### EECS 495: Optimization Techniques for Machine Learning and Deep Learning
Homework 1: Chapter 2 Assignments (2.3, 2.4, 2.9)

Northwestern University - Fall 2018 

Problem 2.3 - Implement random search to minimize: 

$$ g(w_0, w_1) = \tanh(4w_{0}+4w_1)+\max(0.4w_0^2,1)+1$$

Using the conditions: P = 1000 directions, $\alpha$ = 1, up to 8 steps, and initial point $w^0 = \begin{bmatrix} 2 \\ 2\end{bmatrix}$. 

In [155]:
#Problem 2.3 - Implement random search
import numpy as np
import matplotlib as mpl

#Lists to store past values 
weights_past = []
evals_past = []

#Variable inits
alpha = 1
w_0 = np.array([2,2])
P = 1000
num_steps = 8

#Define g
def g(w):
    return np.tanh(4*w[0]+4*w[1])+np.max([0.4*w[0]**2,1])+1

#Define a helper function for generating random unit vectors of some length
#Credit to Stack Overflow for this function: https://stackoverflow.com/questions/6283080/random-unit-vector-in-multi-dimensional-space
#I started programming this...but thieir top solution was so elegant... 
def rand_unit_vec(len):
    #np.random.rand(1)[0] is centered about [0,1) shift down by 0.5 and multiply by 2 to center about [-1,1)
    #Otherwise, you will spend hours wondering why your function only ever increases
    vec = [(np.random.rand(1)[0]-0.5)*2 for i in range(0,len)]
    mag = sum(x*x for x in vec)**0.5
    return np.transpose([x/mag for x in vec])

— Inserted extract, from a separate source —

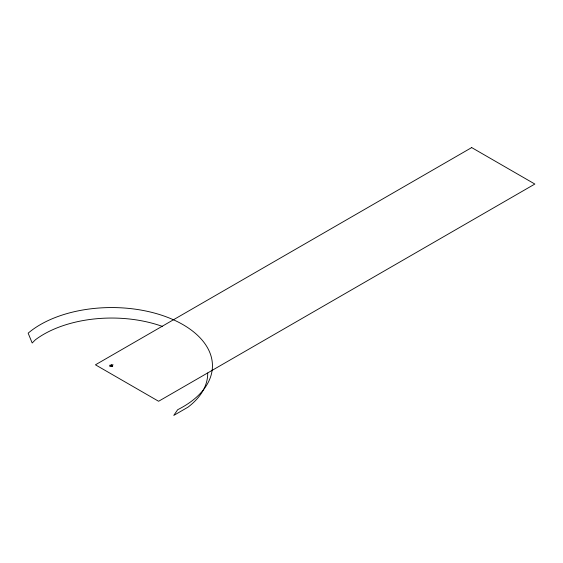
<?xml version="1.0" encoding="UTF-8"?>
<svg xmlns="http://www.w3.org/2000/svg" width="563" height="563" viewBox="0 0 563 563"><rect width="100%" height="100%" fill="white"/><g stroke="black" fill="none" stroke-linecap="round" stroke-linejoin="round"><path stroke-width="0.84" d="M111.594 365.725C112.375 366.26 111.39 365.619 112.037 365.718M111.178 365.816L110.883 365.619M111.587 365.83L113.064 364.796M111.031 365.809L111.326 365.823M109.708 365.197L109.869 366.485M110.946 364.564L112.058 364.514M110.841 365.338L111.657 365.739M207.705 373.009A96.055 55.455 0 0 1 187.929 407.211L173.756 415.417L177.718 409.681A100.777 58.179 0 0 0 178.485 322.191A100.777 58.179 0 0 0 28.15 333.169L32.19 343.001L35.378 339.799A96.055 55.455 0 0 1 162.397 326.413M112.621 365.633L110.658 365.556L110.651 366.45L112.614 366.527L112.621 365.633M471.688 147.583L95.443 364.81L158.604 401.271L534.85 184.045L471.688 147.583"/></g></svg>
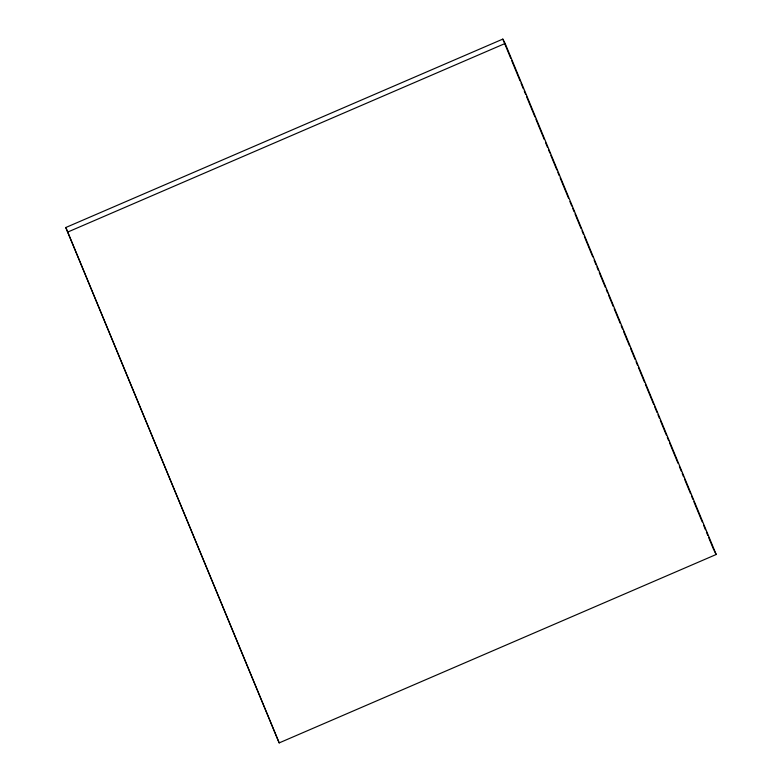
<?xml version="1.0" encoding="UTF-8"?>
<svg xmlns="http://www.w3.org/2000/svg" width="782" height="782" viewBox="0 0 782 782"><rect width="100%" height="100%" fill="white"/><g stroke="black" fill="none" stroke-linecap="round" stroke-linejoin="round"><path stroke-width="1.17" d="M65.796 227.513L502.816 39.1L505.143 43.469L716.204 554.487L279.184 742.9L65.796 227.513L279.184 742.9M68.132 231.883L505.143 43.469M714.337 550.997L716.204 554.487M502.816 39.1L510.734 58.279M511.663 60.537L520.05 80.839M520.988 83.097L523.314 88.737M524.243 90.995L525.641 94.378M526.569 96.636L534.956 116.938M535.895 119.196L544.282 139.499M545.68 142.881L547.537 147.397M548.475 149.655L549.873 153.037M550.802 155.295L556.862 169.958M557.791 172.216L559.189 175.598M560.117 177.856L568.504 198.159M569.902 201.541L571.769 206.057M572.698 208.315L574.096 211.697M575.024 213.955L581.085 228.618M582.013 230.876L583.411 234.258M584.349 236.516L592.736 256.819M594.134 260.201L595.992 264.717M596.93 266.975L598.328 270.357M599.256 272.615L605.317 287.277M606.246 289.536L607.643 292.918M608.572 295.176L613.235 306.456M614.163 308.714L620.224 323.377M621.152 325.635L622.55 329.017M623.479 331.275L629.539 345.937M630.468 348.195L635.131 359.476M636.059 361.734L637.457 365.116M638.395 367.374L644.446 382.036M645.385 384.294L653.772 404.597M654.7 406.855L657.027 412.495M657.955 414.753L659.353 418.135M660.291 420.393L666.342 435.056M667.281 437.314L668.678 440.696M669.607 442.954L677.994 463.257M679.392 466.639L681.259 471.155M682.187 473.413L683.585 476.795M684.514 479.053L690.574 493.716M691.503 495.974L692.901 499.356M693.839 501.614L702.216 521.917M703.614 525.299L705.481 529.815M706.41 532.073L707.808 535.455M708.746 537.713L713.868 550.117"/></g></svg>

# --- Store initial values ---

#init the weights
w = w_0

#Store the inital values
weights_past.append(w)
evals_past.append(g(w))

# --- Implement random local search ---
for i in range(0, num_steps):
    #init the descent directions for this tep
    dirs = []
    dir_evals = []
    #Compute P descent directions - set the radius of the circle about which we will sample directions to
    # be equal to 1. 
    for j in range(0,P):
        #Generate direction and append
        dirs.append(rand_unit_vec(2))
        
        #Evaluate at generated dir and append
        dir_evals.append(g(w+dirs[j]))
    
    #Select the smallest descent direction
    idx_sm = dir_evals.index(np.min(dir_evals))
    
    #Pull that direction
    dir_sm = dirs[idx_sm]

    #Check if the step + the current pos minimizes the function
    if(g(w+dir_sm) < g(w)): 
        #Take descent step
        w = w+alpha*dir_sm
    
        #Store the step and eval at that step
        weights_past.append(w)
        evals_past.append(g(w))
   
print('Starting Points:') 
print('W_0:', w_0)
print('g(w_0) = ',g(w_0))
print()
print('Ending Points:')
print('W_final:', weights_past[7])
print('g(W_final) = ',g(weights_past[7]))

Starting Points:
W_0: [2 2]
g(w_0) =  3.5999999999999748

Ending Points:
W_final: [-1.56808444 -3.52533699]
g(W_final) =  1.0


$\textbf{Lesson Learned:}$ if $\vec{w}$ is constantly increasing, then it's probably centered about $[0,1)$, bounding $w_1 \times w_2$ to the $1^{st}$ quadrant in a 2D carteasian space. This will mean that $\vec{w}$ can only increase in magnitude and you'll *never* converge. To fix this and save four hours of debugging, the random function should follow $rand \in [-1,1)$ which is found by $2*(rand - 0.5)$.